Revenue by category: license and milestone $0.1 million; non-cash royalty revenue $6.5 million; R&D reimbursement $0.7 million; clinical materials $1.2 million.

Mirvetuximab soravtansine for FRα-positive platinum-resistant ovarian cancer Phase 3 trial FORWARD I enrolled its first patient in January. PFS (progression free survival) will be the primary endpoint. There will be 333 patients with high or medium FRα levels randomized 2:1 against physician's choice of single agent chemotherapy. Patients can have been treated with up to 3 prior therapies. Full enrollment in 2018. Futility only analysis in Q1 2018.

Mirvetuximab soravtansine plus Avastin is in a Phase 2 trial, FORWARD II. Another cohort is enrolling in combination with Keytruda. Will also have cohorts in combination with PLD, and with carboplatin.

IMGN779 is in a Phase 1 trial for AML (acute myeloid leukemia). 779 is differentiated from other agents targeting CD33 by its ability to alkylate DNA without cross-linking it. Updated data should be presented at ASH.

IMGN529 is in a Phase 2 trial for DLBCL (diffuse large B-cell lymphoma). It has orphan drug designation.

IMGN632 Phase 1 for a AML should present preclinical data at ASH and open for enrollment by the end of 2017. 632 is a CD123-targeting ADC with a DNA-alkylating payload. The IND is now active.

Bayer is partnered on anetumab ravtansine for mesothelioma. Results were announced for the Phase 2 trial. See Anetumab Ravtansine Does Not Improve PFS vs. Vinorelbine. Despite lower PFS, there were less severe adverse events. Bayer is also studying the drug in other applications and in combinations.

Cash and equivalents ended at $194.9 million, up sequentially from $150.3 million. $30 million came from a Sanofi license fee, $75 million upfront from Jazz and $25 million upfront from Debiopharm, which became deferred revenue. In October, after the quarter ended, $101.6 million was raised with a commons stock offering and $96.9 million of debt was converted to common stock. Long-term liabilities were $169 million.

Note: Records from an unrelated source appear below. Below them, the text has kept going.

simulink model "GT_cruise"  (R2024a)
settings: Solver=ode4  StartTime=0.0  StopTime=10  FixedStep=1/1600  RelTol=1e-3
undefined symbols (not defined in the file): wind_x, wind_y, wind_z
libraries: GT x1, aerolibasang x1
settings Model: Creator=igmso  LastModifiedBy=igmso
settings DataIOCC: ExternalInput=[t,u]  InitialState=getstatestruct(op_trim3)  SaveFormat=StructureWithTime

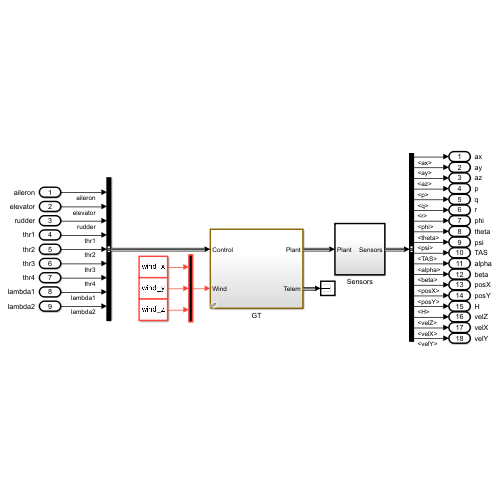
[thumbnail: Simulink's stored preview of the top-level diagram]
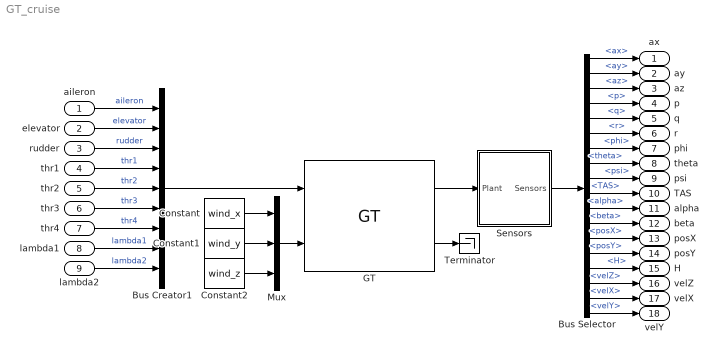
== system GT_cruise ==
  aileron : Inport
  elevator : Inport  Port=2
  rudder : Inport  Port=3
  thr1 : Inport  Port=4
  thr2 : Inport  Port=5
  thr3 : Inport  Port=6
  thr4 : Inport  Port=7
  lambda1 : Inport  Port=8
  lambda2 : Inport  Port=9
  Bus Creator1 : BusCreator  Inputs=9
  Bus Selector : BusSelector  OutputSignals=ax,ay,az,p,q,r,phi,theta,psi,TAS,alpha,beta,posX,posY,H,velZ,velX,velY
  Constant : Constant  Value=wind_x  SampleTime=-1
  Constant1 : Constant  Value=wind_y  SampleTime=-1
  Constant2 : Constant  Value=wind_z  SampleTime=-1
  GT : GT/GT  SystemSampleTime=-1  VariantActivationTime=update diagram  AllowFlexibleInterface=on  Latency=0  AutoFrameSizeCalculation=off
  Mux : Mux  Inputs=3
  Sensors : Subsystem
  Terminator : Terminator
  ax : Outport
  ay : Outport  Port=2
  az : Outport  Port=3
  p : Outport  Port=4
  q : Outport  Port=5
  r : Outport  Port=6
  phi : Outport  Port=7
  theta : Outport  Port=8
  psi : Outport  Port=9
  TAS : Outport  Port=10
  alpha : Outport  Port=11
  beta : Outport  Port=12
  posX : Outport  Port=13
  posY : Outport  Port=14
  H : Outport  Port=15
  velZ : Outport  Port=16
  velX : Outport  Port=17
  velY : Outport  Port=18
  wires:
  Bus Creator1/1 -> GT/1
  lambda2/1 -> Bus Creator1/9  "lambda2"
  lambda1/1 -> Bus Creator1/8  "lambda1"
  thr2/1 -> Bus Creator1/5  "thr2"
  thr3/1 -> Bus Creator1/6  "thr3"
  rudder/1 -> Bus Creator1/3  "rudder"
  thr1/1 -> Bus Creator1/4  "thr1"
  elevator/1 -> Bus Creator1/2  "elevator"
  aileron/1 -> Bus Creator1/1  "aileron"
  thr4/1 -> Bus Creator1/7  "thr4"
  Mux/1 -> GT/2
  Constant/1 -> Mux/1
  Constant1/1 -> Mux/2
  Constant2/1 -> Mux/3
  GT/2 -> Terminator/1
  GT/1 -> Sensors/1(Plant)
  Sensors/1(Sensors) -> Bus Selector/1
  Bus Selector/18 -> velY/1  "<velY>"
  Bus Selector/8 -> theta/1  "<theta>"
  Bus Selector/10 -> TAS/1  "<TAS>"
  Bus Selector/6 -> r/1  "<r>"
  Bus Selector/1 -> ax/1  "<ax>"
  Bus Selector/5 -> q/1  "<q>"
  Bus Selector/7 -> phi/1  "<phi>"
  Bus Selector/3 -> az/1  "<az>"
  Bus Selector/4 -> p/1  "<p>"
  Bus Selector/9 -> psi/1  "<psi>"
  Bus Selector/15 -> H/1  "<H>"
  Bus Selector/17 -> velX/1  "<velX>"
  Bus Selector/12 -> beta/1  "<beta>"
  Bus Selector/11 -> alpha/1  "<alpha>"
  Bus Selector/16 -> velZ/1  "<velZ>"
  Bus Selector/2 -> ay/1  "<ay>"
  Bus Selector/14 -> posY/1  "<posY>"
  Bus Selector/13 -> posX/1  "<posX>"

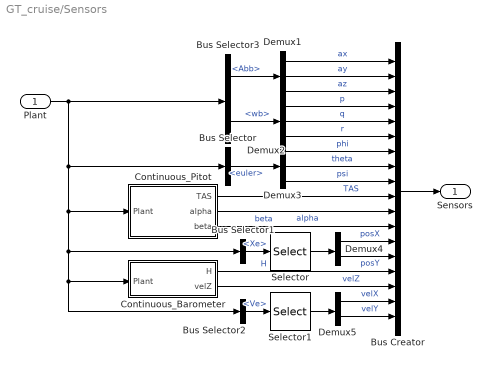
== system GT_cruise/Sensors ==
  Plant : Inport
  Bus Selector : BusSelector  OutputSignals=euler
  Bus Selector1 : BusSelector  OutputSignals=Xe
  Bus Selector2 : BusSelector  OutputSignals=Ve
  Bus Selector3 : BusSelector  OutputSignals=Abb,wb
  Bus Creator : BusCreator  Inputs=18
  Continuous_Barometer : Subsystem
  Continuous_Pitot : Subsystem
  Demux1 : Demux  Outputs=3
  Demux2 : Demux  Outputs=3
  Demux3 : Demux  Outputs=3
  Demux4 : Demux  Outputs=2
  Demux5 : Demux  Outputs=2
  Selector : Selector  InputPortWidth=3  IndexOptions=Index vector (dialog)  Indices=[1 2]  OutputSizes=1
  Selector1 : Selector  InputPortWidth=3  IndexOptions=Index vector (dialog)  Indices=[1 2]  OutputSizes=1
  Sensors : Outport
  wires:
  Continuous_Barometer/1(H) -> Bus Creator/15  "H"
  Continuous_Pitot/1(TAS) -> Bus Creator/10  "TAS"
  Continuous_Pitot/2(alpha) -> Bus Creator/11  "alpha"
  Continuous_Pitot/3(beta) -> Bus Creator/12  "beta"
  Demux1/3 -> Bus Creator/3  "az"
  Demux1/2 -> Bus Creator/2  "ay"
  Demux1/1 -> Bus Creator/1  "ax"
  Bus Selector3/1 -> Demux1/1  "<Abb>"
  Bus Selector3/2 -> Demux2/1  "<wb>"
  Demux2/1 -> Bus Creator/4  "p"
  Demux2/2 -> Bus Creator/5  "q"
  Demux2/3 -> Bus Creator/6  "r"
  Continuous_Barometer/2(velZ) -> Bus Creator/16  "velZ"
  Bus Selector/1 -> Demux3/1  "<euler>"
  Demux3/1 -> Bus Creator/7  "phi"
  Demux3/2 -> Bus Creator/8  "theta"
  Demux3/3 -> Bus Creator/9  "psi"
  Bus Selector1/1 -> Selector/1  "<Xe>"
  Selector/1 -> Demux4/1
  Demux4/1 -> Bus Creator/13  "posX"
  Demux4/2 -> Bus Creator/14  "posY"
  Bus Creator/1 -> Sensors/1
  Selector1/1 -> Demux5/1
  Bus Selector2/1 -> Selector1/1  "<Ve>"
  Plant/1 -> Bus Selector2/1, Continuous_Barometer/1(Plant), Bus Selector1/1, Continuous_Pitot/1(Plant), Bus Selector/1, Bus Selector3/1
  Demux5/1 -> Bus Creator/17  "velX"
  Demux5/2 -> Bus Creator/18  "velY"

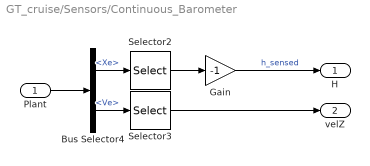
== system GT_cruise/Sensors/Continuous_Barometer ==
  Plant : Inport
  Bus Selector4 : BusSelector  OutputSignals=Xe,Ve
  Gain : Gain  Gain=-1
  Selector2 : Selector  InputPortWidth=3  IndexOptions=Index vector (dialog)  Indices=3  OutputSizes=1
  Selector3 : Selector  InputPortWidth=3  IndexOptions=Index vector (dialog)  Indices=3  OutputSizes=1
  H : Outport
  velZ : Outport  Port=2
  wires:
  Bus Selector4/1 -> Selector2/1  "<Xe>"
  Selector3/1 -> velZ/1
  Selector2/1 -> Gain/1
  Bus Selector4/2 -> Selector3/1  "<Ve>"
  Gain/1 -> H/1  "h_sensed"
  Plant/1 -> Bus Selector4/1

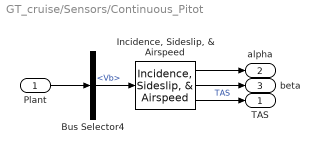
== system GT_cruise/Sensors/Continuous_Pitot ==
  Plant : Inport
  Bus Selector4 : BusSelector  OutputSignals=Vb
  "Incidence, Sideslip, & Airspeed" : aerolibasang/Incidence, Sideslip, & Airspeed
  TAS : Outport
  alpha : Outport  Port=2
  beta : Outport  Port=3
  wires:
  Bus Selector4/1 -> "Incidence, Sideslip, & Airspeed"/1  "<Vb>"
  "Incidence, Sideslip, & Airspeed"/1 -> alpha/1
  Plant/1 -> Bus Selector4/1
  "Incidence, Sideslip, & Airspeed"/3 -> TAS/1  "TAS"
  "Incidence, Sideslip, & Airspeed"/2 -> beta/1

Operating expenses were $39.6 million consisting of: $31.7 million R&D; $7.9 million general and administrative. Loss from operations $31.1 million. Interest expense $0.8 million. Non-cash interest expense of on future royalty $3.4 million. Non-cash conversion expense $22.2 million. Other income $0.8 million. No tax.


779 at ASH? Data will be from all enrolled paitents. Initial data was at EHA. We have been increasing the dose level at every other week and added dosing once per week without any DLTs.

Cycle 2 death on 779? Adverse events? No deaths in R/R AML have been attributed to drug. As expected, there have been deaths related to infections, which is common in this population. Hepatotoxicity and elevated bilirubin (sp?), we have not seen any that is drug related.

Planned triple combination study, patients with prior PARP inhibitors? PARP can be effective in platinum-sensitive disease, but are difficult to combine because of their safety profile. Because of our mirv efficacy and tolerability, we have been able to combine with everything so far. "We believe the future is bright for a platinum-based triplet therapy with mirvetuximab and Avastin."

For the Avastin cohort we have already demonstrated pretty remarkable activity in a heavily pretreated population: 29% response rate and 9 month PFS. If those hold up in the expansion phase we could consider pivotal development. We would to see the Keytruda durability with the mirv response rate.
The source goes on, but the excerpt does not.